Power Field Studio

Power Field Studio

sábado, 23 de janeiro de 2016

The Revenant - Uma Dança Vasta de Músicas e Efeitos


The Revenant

A Wilderness Dance of Music and Effects 

Hugh Glass is a revenant, a ghost, but he is no benevolent revenant. He is a revenant of revenge.

Set in the remote American wilderness of the 1800s, the harsh environment acts as another adversary in the film. The sound of wind is used to help the audience feel winter’s pervasive presence. Skywalker Sound’s Randy Thom, a supervising sound editor/sound designer/re-recording mixer on The Revenant, says director Iñárritu prefers rough-sounding wind full of rumbles and even distortion. “It’s that sound you hear when wind blows across your ears,” Thom says. “We used a lot of that in addition to every type of whistling wind and moaning wind you can think of.”

Custom-recordings of wind were captured at Point Reyes Peninsula near Skywalker Ranch in Marin County, Calif. “It’s always windy there, and there are many different surfaces for the wind to blow over, like trees, rocks, limbs, wires, and brush of all kinds,” he continues. “You can get wind with lots of different tonalities.”

Having tonal wind options was important as director Iñárritu often encouraged the post sound team to design elements that were musical. Additionally, the film’s composers—Ryuichi Sakamoto, Carsten Nicolai (aka Alva Noto) and Bryce Dessner used musical elements that could easily be mistaken for sound design.

“One of the interesting things about this film is that sometimes you can’t tell what is music and what is sound design,” notes Thom. “I love that, when you can’t necessarily tell which department a particular sound came from. As long as it does the storytelling that it needs to do, that is all that is really important.”


Cutting music in conjunction with sound design is an approach that started for Hernández and Iñárritu last year on Birdman, where Hernández built tracks by cutting takes of Antonio Sanchez playing the drums. “We discovered that a good amount of sound design can come just by cutting the music, and treating and changing the music to fit a scene,” says Hernández. “Alejandro is driven by pieces of sound, and pieces of dialog, and pieces of music. The storytelling aspects of sound are very strong for him. Everything that happens in sound has a natural correlation with the image, but it’s not isolated. In many ways, it is one and the same thing,” 

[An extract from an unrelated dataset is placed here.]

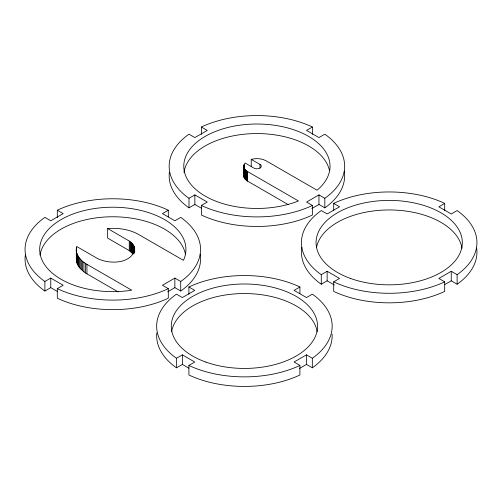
<?xml version="1.0" encoding="UTF-8"?>
<svg xmlns="http://www.w3.org/2000/svg" width="502" height="502" viewBox="0 0 502 502"><rect width="100%" height="100%" fill="white"/><g stroke="black" fill="none" stroke-linecap="round" stroke-linejoin="round"><path stroke-width="0.75" d="M134.737 249.833C130.533 264.504 108.482 264.234 97.294 258.392L76.624 246.457L76.26 248.772L76.404 260.971L77.697 264.874L80.232 268.57L85.384 272.944L118.146 291.919M76.26 258.323L76.404 256.999M243.752 165.999L245.032 162.968L253.805 168.032A4.386 2.535 0 0 0 260.011 168.032A4.386 2.535 0 0 0 260.011 164.449L251.238 159.385L251.238 166.733M243.752 175.549L244.267 173.673M167.674 291.794L174.859 287.646L180.72 291.028L180.72 281.478L182.144 280.486A87.75 50.664 0 0 0 182.144 218.383L180.72 217.391L174.859 220.773L162.447 213.607L168.308 210.225L168.308 216.839M180.72 291.028L182.144 290.037A87.75 50.664 0 0 0 200.166 254.219M311.773 208.6L318.958 204.452L324.819 207.834L324.819 198.284L326.244 197.286A87.75 50.664 0 0 0 326.244 135.189L324.819 134.191L318.958 137.579L306.546 130.413L312.413 127.031L312.413 134.379M324.819 207.834L326.244 206.843A87.75 50.664 0 0 0 344.265 171.025M299.274 368.568L306.458 364.421L312.326 367.809L312.326 358.252L313.75 357.261A87.75 50.664 0 0 0 313.75 295.157L312.326 294.166L306.458 297.548L294.053 290.388L299.914 287L299.914 293.614M312.326 367.809L313.75 366.811A87.75 50.664 0 0 0 332.117 334.169M444.709 284.603L451.242 280.831L457.109 284.22L457.109 274.663L458.527 273.672A87.75 50.664 0 0 0 458.527 211.568L457.109 210.576L451.242 213.959L438.83 206.799L444.697 203.41L444.697 210.758M457.109 284.22L458.527 283.222A87.75 50.664 0 0 0 476.649 248.038M57.291 291.417L50.758 287.646L44.891 291.028L44.891 281.478L50.758 278.089L63.17 285.255L57.303 288.644L57.303 298.194L59.023 299.016A87.75 50.664 0 0 0 166.589 299.016L168.308 298.194L168.308 288.644L162.447 285.255L174.859 278.089L180.72 281.478M201.39 208.223L194.858 204.452L188.997 207.834L188.997 198.284L194.858 194.895L207.27 202.061L201.402 205.45L201.402 215L203.122 215.822A87.75 50.664 0 0 0 310.688 215.822L312.413 215L312.413 205.45L306.546 202.061L318.958 194.895L324.819 198.284M188.896 368.192L182.364 364.421L176.497 367.809L176.497 358.252L182.364 354.87L194.77 362.03L188.909 365.418L188.909 374.969L190.628 375.791A87.75 50.664 0 0 0 298.194 375.791L299.914 374.969L299.914 365.418L294.053 362.03L306.458 354.87L312.326 358.252M334.326 284.979L327.141 280.831L321.28 284.22L321.28 274.663L327.141 271.281L339.553 278.447L333.692 281.829L333.692 291.386L335.411 292.202A87.75 50.664 0 0 0 442.977 292.202L444.697 291.386L444.697 281.829L438.83 278.447L451.242 271.281L457.109 274.663M201.402 134.379L201.402 127.031L203.122 126.209A87.75 50.664 0 0 1 310.688 126.209L312.413 127.031M57.303 217.573L57.303 210.225L59.023 209.403A87.75 50.664 0 0 1 166.589 209.403L168.308 210.225M312.413 205.45L310.688 206.272A87.75 50.664 0 0 1 203.122 206.272L201.402 205.45M333.692 210.758L333.692 203.41L335.411 202.588A87.75 50.664 0 0 1 442.977 202.588L444.697 203.41M168.308 288.644L166.589 289.466A87.75 50.664 0 0 1 59.023 289.466L57.303 288.644M188.909 294.348L188.909 287L190.628 286.178A87.75 50.664 0 0 1 298.194 286.178L299.914 287M444.697 281.829L442.977 282.651A87.75 50.664 0 0 1 335.411 282.651L333.692 281.829M299.914 365.418L298.194 366.24A87.75 50.664 0 0 1 190.628 366.24L188.909 365.418M251.238 159.385C256.171 158.092 261.686 158.394 266.217 160.866L317.051 190.214L318.651 188.859A73.123 42.218 0 0 0 270.609 124.766A73.123 42.218 0 0 0 185.075 174.15A73.123 42.218 0 0 0 296.092 201.886L298.439 200.963L247.034 171.264L244.524 168.81L243.752 166.476M107.648 228.542L129.265 241.054L131.687 242.987L132.942 244.405L132.942 253.956L129.265 250.611L107.648 238.099L107.648 228.542L109.367 228.416A36.564 21.109 0 0 1 138.659 234.509L183.412 260.343L184.171 258.643A73.123 42.218 0 0 0 118.165 207.326A73.123 42.218 0 0 0 39.878 252.525A73.123 42.218 0 0 0 128.757 290.633L131.706 290.2L86.953 264.359C81.713 261.36 76.668 256.466 76.26 250.096M201.402 127.031L207.27 130.413L194.858 137.579L188.997 134.191L187.572 135.189A87.75 50.664 0 0 0 187.572 197.286L188.997 198.284M333.692 203.41L339.553 206.799L327.141 213.959L321.28 210.576L319.856 211.568A87.75 50.664 0 0 0 319.856 273.672L321.28 274.663M243.752 176.033L244.524 178.367L247.034 180.814L288.273 204.647M57.303 210.225L63.17 213.607L50.758 220.773L44.891 217.391L43.473 218.383A87.75 50.664 0 0 0 43.473 280.486L44.891 281.478M188.909 287L194.77 290.388L182.364 297.548L176.497 294.166L175.072 295.157A87.75 50.664 0 0 0 175.072 357.261L176.497 358.252M321.28 284.22L319.856 283.222A87.75 50.664 0 0 1 301.834 247.404M188.997 207.834L187.572 206.843A87.75 50.664 0 0 1 169.369 172.293M176.497 367.809L175.072 366.811A87.75 50.664 0 0 1 156.8 332.901M44.891 291.028L43.473 290.037A87.75 50.664 0 0 1 25.351 254.853M132.942 244.405L134.473 247.455L134.737 252.035M451.242 271.281L451.242 280.831M327.141 271.281L327.141 280.831M318.958 194.895L318.958 204.452M306.458 354.87L306.458 364.421M260.011 164.449L260.011 168.12M247.599 171.609L247.599 181.166M247.034 171.264L247.034 180.814M246.507 170.893L246.507 180.45M246.018 170.511L246.018 180.061M245.578 170.109L245.578 179.66M245.177 169.689L245.177 179.239M244.825 169.256L244.825 178.806M244.524 168.81L244.524 178.367M244.267 168.358L244.267 177.909M244.06 164.581L244.06 177.451M243.909 165.051L243.909 176.98M243.803 165.522L243.803 176.503M194.858 194.895L194.858 204.452M182.364 354.87L182.364 364.421M174.859 278.089L174.859 287.646M134.649 248.239L134.649 252.092M134.473 247.455L134.473 252.594M134.216 246.67L134.216 253.284M133.871 245.898L133.871 253.246M133.45 245.145L133.45 253.962M132.352 243.683L132.352 253.234M131.687 242.987L131.687 252.537M130.953 242.315L130.953 251.866M130.143 241.669L130.143 251.226M129.265 241.054L129.265 250.611M86.953 264.359L86.953 273.91M85.384 263.393L85.384 272.944M83.916 262.37L83.916 271.927M82.566 261.297L82.566 270.854M81.337 260.18L81.337 269.731M80.232 259.019L80.232 268.57M79.253 257.815L79.253 267.371M78.406 256.585L78.406 266.135M77.697 255.323L77.697 264.874M77.126 254.037L77.126 263.594M76.693 252.738L76.693 262.289M76.404 247.448L76.404 260.971M50.758 278.089L50.758 287.646M316.511 247.542A73.123 42.218 0 0 1 389.765 209.955A73.123 42.218 0 0 1 461.991 248.201M171.609 331.791A73.123 42.218 0 0 1 244.411 293.544A73.123 42.218 0 0 1 317.214 331.791M40.009 255.016A73.123 42.218 0 0 1 112.235 216.77A73.123 42.218 0 0 1 185.489 254.351M184.008 172.481A73.123 42.218 0 0 1 255.185 133.582A73.123 42.218 0 0 1 329.456 170.498M350.66 278.503A73.123 42.218 0 0 0 462.279 243.947A73.123 42.218 0 0 0 354.638 205.412A73.123 42.218 0 0 0 350.66 278.503M205.876 362.093A73.123 42.218 0 0 0 317.502 327.536A73.123 42.218 0 0 0 209.855 289.001A73.123 42.218 0 0 0 205.876 362.093"/></g></svg>

That passion for realism carried over to the sound. He sought out Thom, who specializes in creature vocals, to craft a realistic bear attack that comes from an entirely CG bear. The bear displays a range of emotion, from being nurturing with her cubs, to being aggressive during the attack, and afterwards, being injured. Starting with Skywalker’s extensive sound library, Thom pulled a variety of bear vocalizations. For the injured bear sounds, Thom built its heavy breathing using recordings of horses with respiratory problems. And since the library didn’t have recordings of a bear attack, Thom admits, “I had to resort to using my own voice a couple of times, too.

Montaño, who mixed Iñárritu’s Birdman with Taylor last year, notes The Revenant’s soundtrack is a delicate blend of dialog, music, and nature that all move in a non-traditional way.

“The camera is always moving to some degree, and sound follows,” Montano says. “Our goal was to always have enough movement without being distracting and having the audience lose focus on the story. Alejandro is always exploring how picture and sound feel together; it may be a literal-sounding scene or a subjective-sounding scene that has the correct impact to create the right feeling for that moment, and that’s when he says, ‘We got it.’” Every possibility was explored.”

“Alejandro is making a very different film,” Hernandez concludes. “It’s very different from Birdman, and it’s very different from his other films. So for him it is a discovery process and it’s an ongoing process that’s still changing. Being a part of that discovery process is very satisfying, but it can be very challenging. When something you did feels like it belongs and really helps to tell the story that Alejandro wanted, that is very satisfying. It really pays off for all the hours you put in.”